Zucchini Lasagna
User Reviews
4.9
Zucchini Lasagna
Description
Zucchini Lasagna substitutes zucchini slices for lasagna noodles, creating a distinctive layered casserole. Ground beef is browned and then simmered with garlic, onions, crushed tomatoes, fresh basil, salt, and pepper to form a dense sauce. The zucchini is sliced thinly and salted to draw out excess water before being grilled until lightly browned, which helps prevent sogginess in the final dish. A mixture of ricotta, Parmesan, and egg is incorporated to provide creamy, rich layers, topped with mozzarella for melting and browning during baking. The casserole is assembled with alternating layers of sauce, zucchini, and cheese mixtures, then baked to meld flavors and textures. This method produces a satisfying, less carb-heavy version of lasagna with a fresh vegetable component.
The flavor profile includes the savory, herb-infused tomato meat sauce paired with creamy cheeses and the tender yet slightly firm grilled zucchini slices offering mild vegetal notes. The slow simmered sauce concentrates flavor while the grilling step adds a subtle smokiness to the zucchini. Baking melds all components, producing a cohesive casserole with varied textures between creamy and tender.
This dish can be served as a main course for dinner or lunch and pairs well with a simple side salad or crusty bread. It is suitable for those seeking a lower-carb alternative to traditional lasagna noodles without sacrificing the layered casserole experience.
Ingredients
- 1 lb ground beef 93% lean
- 1 1/4 teaspoons kosher salt
- 1 tsp olive oil
- 1/2 onion chopped, large
- 3 cloves garlic (minced)
- 1 crushed tomatoes 28-ounce canned
- 2 tbsp basil chopped, fresh
- black pepper (to taste)
- 3 medium (8 ounces each zucchini, sliced 1/8" thick)
- 1 1/2 cups ricotta cheese part-skim
- 1/4 cup parmigiano reggiano
- 1 egg large
- 16 oz mozzarella cheese shredded, part-skim, 4 cups
Instructions
- In a medium sauce pan, brown meat and season with salt. When cooked drain in colander to remove any fat.

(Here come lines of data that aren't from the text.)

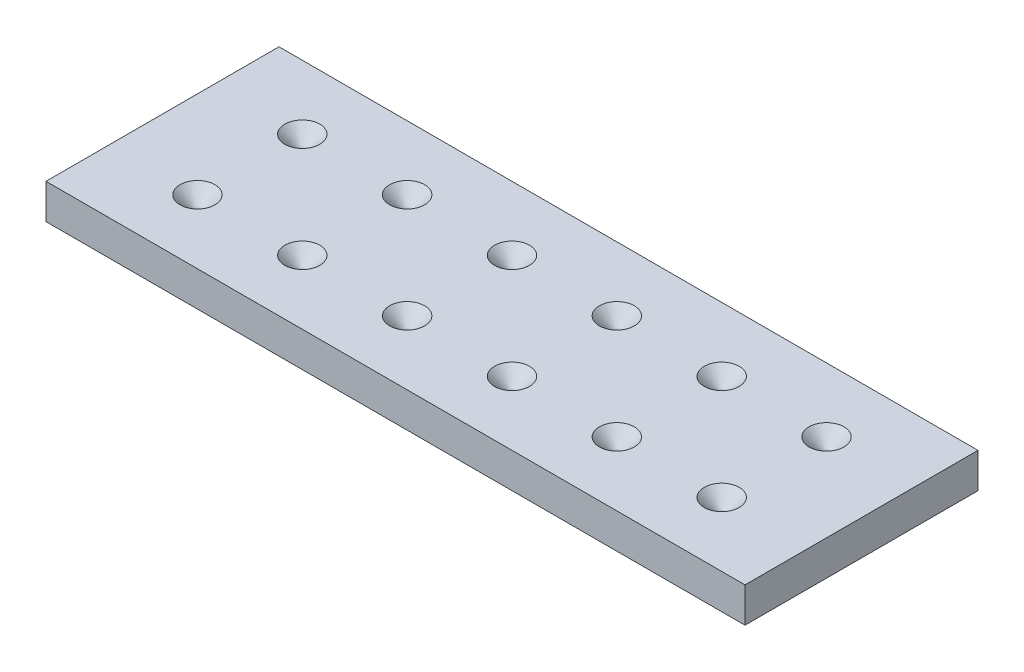
ISO-10303-21;
HEADER;
FILE_DESCRIPTION(('STEP AP214'),'2;1');
FILE_NAME('part.step','',(''),(''),'','','');
FILE_SCHEMA(('AUTOMOTIVE_DESIGN { 1 0 10303 214 1 1 1 1 }'));
ENDSEC;
DATA;
#1=APPLICATION_CONTEXT('core data for automotive mechanical design processes');
#2=APPLICATION_PROTOCOL_DEFINITION('international standard','automotive_design',2000,#1);
#3=PRODUCT_CONTEXT('',#1,'mechanical');
#4=PRODUCT('Part','Part','',(#3));
#5=PRODUCT_RELATED_PRODUCT_CATEGORY('part','',(#4));
#6=PRODUCT_DEFINITION_FORMATION('','',#4);
#7=PRODUCT_DEFINITION_CONTEXT('part definition',#1,'design');
#8=PRODUCT_DEFINITION('design','',#6,#7);
#9=PRODUCT_DEFINITION_SHAPE('','',#8);
#10=(LENGTH_UNIT() NAMED_UNIT(*) SI_UNIT(.MILLI.,.METRE.));
#11=(NAMED_UNIT(*) PLANE_ANGLE_UNIT() SI_UNIT($,.RADIAN.));
#12=(NAMED_UNIT(*) SI_UNIT($,.STERADIAN.) SOLID_ANGLE_UNIT());
#13=UNCERTAINTY_MEASURE_WITH_UNIT(LENGTH_MEASURE(1.E-05),#10,'distance_accuracy_value','');
#14=(GEOMETRIC_REPRESENTATION_CONTEXT(3) GLOBAL_UNCERTAINTY_ASSIGNED_CONTEXT((#13)) GLOBAL_UNIT_ASSIGNED_CONTEXT((#10,
#11,#12)) REPRESENTATION_CONTEXT('',''));
#15=CARTESIAN_POINT('',(0.,0.,0.));
#16=DIRECTION('',(0.,0.,1.));
#17=DIRECTION('',(1.,0.,0.));
#18=AXIS2_PLACEMENT_3D('',#15,#16,#17);
#19=CARTESIAN_POINT('',(22.5,3.,-4.5));
#20=DIRECTION('',(0.,1.,0.));
#21=DIRECTION('',(0.,0.,1.));
#22=AXIS2_PLACEMENT_3D('',#19,#20,#21);
#23=CONICAL_SURFACE('',#22,1.5,0.78539816339745);
#24=CARTESIAN_POINT('',(22.5,1.5,-4.5));
#25=VERTEX_POINT('',#24);
#26=VERTEX_LOOP('',#25);
#27=FACE_BOUND('',#26,.T.);
#28=CARTESIAN_POINT('',(22.5,3.,-4.5));
#29=DIRECTION('',(0.,1.,0.));
#30=DIRECTION('',(0.,0.,1.));
#31=AXIS2_PLACEMENT_3D('',#28,#29,#30);
#32=CIRCLE('',#31,1.5);
#33=CARTESIAN_POINT('',(22.5,3.,-2.99999999999999));
#34=VERTEX_POINT('',#33);
#35=EDGE_CURVE('E11',#34,#34,#32,.T.);
#36=ORIENTED_EDGE('',*,*,#35,.T.);
#37=EDGE_LOOP('',(#36));
#38=FACE_BOUND('',#37,.T.);
#39=ADVANCED_FACE('F39',(#27,#38),#23,.F.);
#40=CARTESIAN_POINT('',(13.5,3.,-4.5));
#41=DIRECTION('',(0.,1.,0.));
#42=DIRECTION('',(0.,0.,1.));
#43=AXIS2_PLACEMENT_3D('',#40,#41,#42);
#44=CONICAL_SURFACE('',#43,1.5,0.78539816339745);
#45=CARTESIAN_POINT('',(13.5,1.5,-4.5));
#46=VERTEX_POINT('',#45);
#47=VERTEX_LOOP('',#46);
#48=FACE_BOUND('',#47,.T.);
#49=CARTESIAN_POINT('',(13.5,3.,-4.5));
#50=DIRECTION('',(0.,1.,0.));
#51=DIRECTION('',(0.,0.,1.));
#52=AXIS2_PLACEMENT_3D('',#49,#50,#51);
#53=CIRCLE('',#52,1.5);
#54=CARTESIAN_POINT('',(13.5,3.,-2.99999999999999));
#55=VERTEX_POINT('',#54);
#56=EDGE_CURVE('E47',#55,#55,#53,.T.);
#57=ORIENTED_EDGE('',*,*,#56,.T.);
#58=EDGE_LOOP('',(#57));
#59=FACE_BOUND('',#58,.T.);
#60=ADVANCED_FACE('F201',(#48,#59),#44,.F.);
#61=CARTESIAN_POINT('',(4.5,3.,-4.5));
#62=DIRECTION('',(0.,1.,0.));
#63=DIRECTION('',(0.,0.,1.));
#64=AXIS2_PLACEMENT_3D('',#61,#62,#63);
#65=CONICAL_SURFACE('',#64,1.5,0.78539816339745);
#66=CARTESIAN_POINT('',(4.5,1.5,-4.5));
#67=VERTEX_POINT('',#66);
#68=VERTEX_LOOP('',#67);
#69=FACE_BOUND('',#68,.T.);
#70=CARTESIAN_POINT('',(4.5,3.,-4.5));
#71=DIRECTION('',(0.,1.,0.));
#72=DIRECTION('',(0.,0.,1.));
#73=AXIS2_PLACEMENT_3D('',#70,#71,#72);
#74=CIRCLE('',#73,1.5);
#75=CARTESIAN_POINT('',(4.5,3.,-2.99999999999999));
#76=VERTEX_POINT('',#75);
#77=EDGE_CURVE('E194',#76,#76,#74,.T.);
#78=ORIENTED_EDGE('',*,*,#77,.T.);
#79=EDGE_LOOP('',(#78));
#80=FACE_BOUND('',#79,.T.);
#81=ADVANCED_FACE('F215',(#69,#80),#65,.F.);
#82=CARTESIAN_POINT('',(-4.49999999999999,3.,-4.5));
#83=DIRECTION('',(0.,1.,0.));
#84=DIRECTION('',(0.,0.,1.));
#85=AXIS2_PLACEMENT_3D('',#82,#83,#84);
#86=CONICAL_SURFACE('',#85,1.5,0.78539816339745);
#87=CARTESIAN_POINT('',(-4.49999999999999,1.5,-4.5));
#88=VERTEX_POINT('',#87);
#89=VERTEX_LOOP('',#88);
#90=FACE_BOUND('',#89,.T.);
#91=CARTESIAN_POINT('',(-4.49999999999999,3.,-4.5));
#92=DIRECTION('',(0.,1.,0.));
#93=DIRECTION('',(0.,0.,1.));
#94=AXIS2_PLACEMENT_3D('',#91,#92,#93);
#95=CIRCLE('',#94,1.5);
#96=CARTESIAN_POINT('',(-4.49999999999999,3.,-2.99999999999999));
#97=VERTEX_POINT('',#96);
#98=EDGE_CURVE('E190',#97,#97,#95,.T.);
#99=ORIENTED_EDGE('',*,*,#98,.T.);
#100=EDGE_LOOP('',(#99));
#101=FACE_BOUND('',#100,.T.);
#102=ADVANCED_FACE('F219',(#90,#101),#86,.F.);
#103=CARTESIAN_POINT('',(-13.5,3.,-4.5));
#104=DIRECTION('',(0.,1.,0.));
#105=DIRECTION('',(0.,0.,1.));
#106=AXIS2_PLACEMENT_3D('',#103,#104,#105);
#107=CONICAL_SURFACE('',#106,1.5,0.78539816339745);
#108=CARTESIAN_POINT('',(-13.5,1.5,-4.5));
#109=VERTEX_POINT('',#108);
#110=VERTEX_LOOP('',#109);
#111=FACE_BOUND('',#110,.T.);
#112=CARTESIAN_POINT('',(-13.5,3.,-4.5));
#113=DIRECTION('',(0.,1.,0.));
#114=DIRECTION('',(0.,0.,1.));
#115=AXIS2_PLACEMENT_3D('',#112,#113,#114);
#116=CIRCLE('',#115,1.5);
#117=CARTESIAN_POINT('',(-13.5,3.,-2.99999999999999));
#118=VERTEX_POINT('',#117);
#119=EDGE_CURVE('E186',#118,#118,#116,.T.);
#120=ORIENTED_EDGE('',*,*,#119,.T.);
#121=EDGE_LOOP('',(#120));
#122=FACE_BOUND('',#121,.T.);
#123=ADVANCED_FACE('F225',(#111,#122),#107,.F.);
#124=CARTESIAN_POINT('',(-22.5,3.,-4.5));
#125=DIRECTION('',(0.,1.,0.));
#126=DIRECTION('',(0.,0.,1.));
#127=AXIS2_PLACEMENT_3D('',#124,#125,#126);
#128=CONICAL_SURFACE('',#127,1.5,0.78539816339745);
#129=CARTESIAN_POINT('',(-22.5,1.5,-4.5));
#130=VERTEX_POINT('',#129);
#131=VERTEX_LOOP('',#130);
#132=FACE_BOUND('',#131,.T.);
#133=CARTESIAN_POINT('',(-22.5,3.,-4.5));
#134=DIRECTION('',(0.,1.,0.));
#135=DIRECTION('',(0.,0.,1.));
#136=AXIS2_PLACEMENT_3D('',#133,#134,#135);
#137=CIRCLE('',#136,1.5);
#138=CARTESIAN_POINT('',(-22.5,3.,-2.99999999999999));
#139=VERTEX_POINT('',#138);
#140=EDGE_CURVE('E182',#139,#139,#137,.T.);
#141=ORIENTED_EDGE('',*,*,#140,.T.);
#142=EDGE_LOOP('',(#141));
#143=FACE_BOUND('',#142,.T.);
#144=ADVANCED_FACE('F229',(#132,#143),#128,.F.);
#145=CARTESIAN_POINT('',(22.5,3.,4.5));
#146=DIRECTION('',(0.,1.,0.));
#147=DIRECTION('',(0.,0.,1.));
#148=AXIS2_PLACEMENT_3D('',#145,#146,#147);
#149=CONICAL_SURFACE('',#148,1.5,0.78539816339745);
#150=CARTESIAN_POINT('',(22.5,1.5,4.5));
#151=VERTEX_POINT('',#150);
#152=VERTEX_LOOP('',#151);
#153=FACE_BOUND('',#152,.T.);
#154=CARTESIAN_POINT('',(22.5,3.,4.5));
#155=DIRECTION('',(0.,1.,0.));
#156=DIRECTION('',(0.,0.,1.));
#157=AXIS2_PLACEMENT_3D('',#154,#155,#156);
#158=CIRCLE('',#157,1.5);
#159=CARTESIAN_POINT('',(22.5,3.,6.));
#160=VERTEX_POINT('',#159);
#161=EDGE_CURVE('E178',#160,#160,#158,.T.);
#162=ORIENTED_EDGE('',*,*,#161,.T.);
#163=EDGE_LOOP('',(#162));
#164=FACE_BOUND('',#163,.T.);
#165=ADVANCED_FACE('F233',(#153,#164),#149,.F.);
#166=CARTESIAN_POINT('',(13.5,3.,4.5));
#167=DIRECTION('',(0.,1.,0.));
#168=DIRECTION('',(0.,0.,1.));
#169=AXIS2_PLACEMENT_3D('',#166,#167,#168);
#170=CONICAL_SURFACE('',#169,1.5,0.78539816339745);
#171=CARTESIAN_POINT('',(13.5,1.5,4.5));
#172=VERTEX_POINT('',#171);
#173=VERTEX_LOOP('',#172);
#174=FACE_BOUND('',#173,.T.);
#175=CARTESIAN_POINT('',(13.5,3.,4.5));
#176=DIRECTION('',(0.,1.,0.));
#177=DIRECTION('',(0.,0.,1.));
#178=AXIS2_PLACEMENT_3D('',#175,#176,#177);
#179=CIRCLE('',#178,1.5);
#180=CARTESIAN_POINT('',(13.5,3.,6.));
#181=VERTEX_POINT('',#180);
#182=EDGE_CURVE('E174',#181,#181,#179,.T.);
#183=ORIENTED_EDGE('',*,*,#182,.T.);
#184=EDGE_LOOP('',(#183));
#185=FACE_BOUND('',#184,.T.);
#186=ADVANCED_FACE('F237',(#174,#185),#170,.F.);
#187=CARTESIAN_POINT('',(4.5,3.,4.5));
#188=DIRECTION('',(0.,1.,0.));
#189=DIRECTION('',(0.,0.,1.));
#190=AXIS2_PLACEMENT_3D('',#187,#188,#189);
#191=CONICAL_SURFACE('',#190,1.5,0.78539816339745);
#192=CARTESIAN_POINT('',(4.5,1.5,4.5));
#193=VERTEX_POINT('',#192);
#194=VERTEX_LOOP('',#193);
#195=FACE_BOUND('',#194,.T.);
#196=CARTESIAN_POINT('',(4.5,3.,4.5));
#197=DIRECTION('',(0.,1.,0.));
#198=DIRECTION('',(0.,0.,1.));
#199=AXIS2_PLACEMENT_3D('',#196,#197,#198);
#200=CIRCLE('',#199,1.5);
#201=CARTESIAN_POINT('',(4.5,3.,6.));
#202=VERTEX_POINT('',#201);
#203=EDGE_CURVE('E170',#202,#202,#200,.T.);
#204=ORIENTED_EDGE('',*,*,#203,.T.);
#205=EDGE_LOOP('',(#204));
#206=FACE_BOUND('',#205,.T.);
#207=ADVANCED_FACE('F241',(#195,#206),#191,.F.);
#208=CARTESIAN_POINT('',(-4.49999999999999,3.,4.5));
#209=DIRECTION('',(0.,1.,0.));
#210=DIRECTION('',(0.,0.,1.));
#211=AXIS2_PLACEMENT_3D('',#208,#209,#210);
#212=CONICAL_SURFACE('',#211,1.5,0.78539816339745);
#213=CARTESIAN_POINT('',(-4.49999999999999,1.5,4.5));
#214=VERTEX_POINT('',#213);
#215=VERTEX_LOOP('',#214);
#216=FACE_BOUND('',#215,.T.);
#217=CARTESIAN_POINT('',(-4.49999999999999,3.,4.5));
#218=DIRECTION('',(0.,1.,0.));
#219=DIRECTION('',(0.,0.,1.));
#220=AXIS2_PLACEMENT_3D('',#217,#218,#219);
#221=CIRCLE('',#220,1.5);
#222=CARTESIAN_POINT('',(-4.49999999999999,3.,6.));
#223=VERTEX_POINT('',#222);
#224=EDGE_CURVE('E166',#223,#223,#221,.T.);
#225=ORIENTED_EDGE('',*,*,#224,.T.);
#226=EDGE_LOOP('',(#225));
#227=FACE_BOUND('',#226,.T.);
#228=ADVANCED_FACE('F245',(#216,#227),#212,.F.);
#229=CARTESIAN_POINT('',(30.,3.,-9.99999999999999));
#230=DIRECTION('',(-1.,0.,0.));
#231=DIRECTION('',(0.,0.,1.));
#232=AXIS2_PLACEMENT_3D('',#229,#230,#231);
#233=PLANE('',#232);
#234=DIRECTION('',(0.,0.,-1.));
#235=VECTOR('',#234,1.);
#236=CARTESIAN_POINT('',(30.,0.,-9.99999999999999));
#237=LINE('',#236,#235);
#238=CARTESIAN_POINT('',(30.,0.,10.));
#239=VERTEX_POINT('',#238);
#240=CARTESIAN_POINT('',(30.,0.,-9.99999999999999));
#241=VERTEX_POINT('',#240);
#242=EDGE_CURVE('E122',#239,#241,#237,.T.);
#243=ORIENTED_EDGE('',*,*,#242,.T.);
#244=DIRECTION('',(0.,-1.,0.));
#245=VECTOR('',#244,1.);
#246=CARTESIAN_POINT('',(30.,3.,-9.99999999999999));
#247=LINE('',#246,#245);
#248=CARTESIAN_POINT('',(30.,3.,-9.99999999999999));
#249=VERTEX_POINT('',#248);
#250=EDGE_CURVE('E162',#249,#241,#247,.T.);
#251=ORIENTED_EDGE('',*,*,#250,.F.);
#252=DIRECTION('',(0.,0.,-1.));
#253=VECTOR('',#252,1.);
#254=CARTESIAN_POINT('',(30.,3.,-9.99999999999999));
#255=LINE('',#254,#253);
#256=CARTESIAN_POINT('',(30.,3.,10.));
#257=VERTEX_POINT('',#256);
#258=EDGE_CURVE('E125',#257,#249,#255,.T.);
#259=ORIENTED_EDGE('',*,*,#258,.F.);
#260=DIRECTION('',(0.,-1.,0.));
#261=VECTOR('',#260,1.);
#262=CARTESIAN_POINT('',(30.,3.,10.));
#263=LINE('',#262,#261);
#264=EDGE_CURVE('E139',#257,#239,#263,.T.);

- Add olive oil to the pan and saute garlic and onions about 2 minutes. Return the meat to the pan, add tomatoes, basil, salt and pepper. Simmer on low for at least 30-40minutes, covered. Do not add extra water, the sauce should be thick.
- Meanwhile, slice zucchini into 1/8" thick slices, add lightly salt and set aside or 10 minutes. Zucchini has a lot of water when cooked, salting it takes out a lot of moisture. After 10 minutes, blot excess moisture with a paper towel.
- Preheat a gas grill or grill pan to medium high, and grill 2 to 3 minutes per side, until slightly browned. Place on paper towels to soak any excess moisture.
- Preheat oven to 375F.
- In a medium bowl mix ricotta cheese, parmesan cheese and egg. Stir well.
- In a 9x12 casserole spread 1/2 cup of sauce on the bottom and layer the zucchini to cover. Spread 1/2 cup of the ricotta cheese mixture, then top with 1 cup of the mozzarella cheese and repeat the process until all your ingredients are used up. The last layer top with remaining zucchini and sauce, cover with foil and bake 30 minutes. Uncover the foil and bake 20 minutes (to dry up the sauce) then place the remaining 1 cup mozzarella and bake until melted, 10 minutes.
- Let stand about 5 - 10 minutes before serving.
Nutrition Information
Show DetailsNutrition Facts
Serving: 8servings
Amount Per Serving
Calories 275 kcal
% Daily Value*
| Serving | 1/8 | |
| Calories | 275kcal | 14% |
| Carbohydrates | 13g | 4% |
| Protein | 26g | 52% |
| Fat | 13g | 20% |
| Saturated Fat | 7g | 35% |
| Cholesterol | 84mg | 28% |
| Sodium | 648mg | 27% |
| Fiber | 2.5g | 10% |
| Sugar | 5g | 10% |
* Percent Daily Values are based on a 2,000 calorie diet.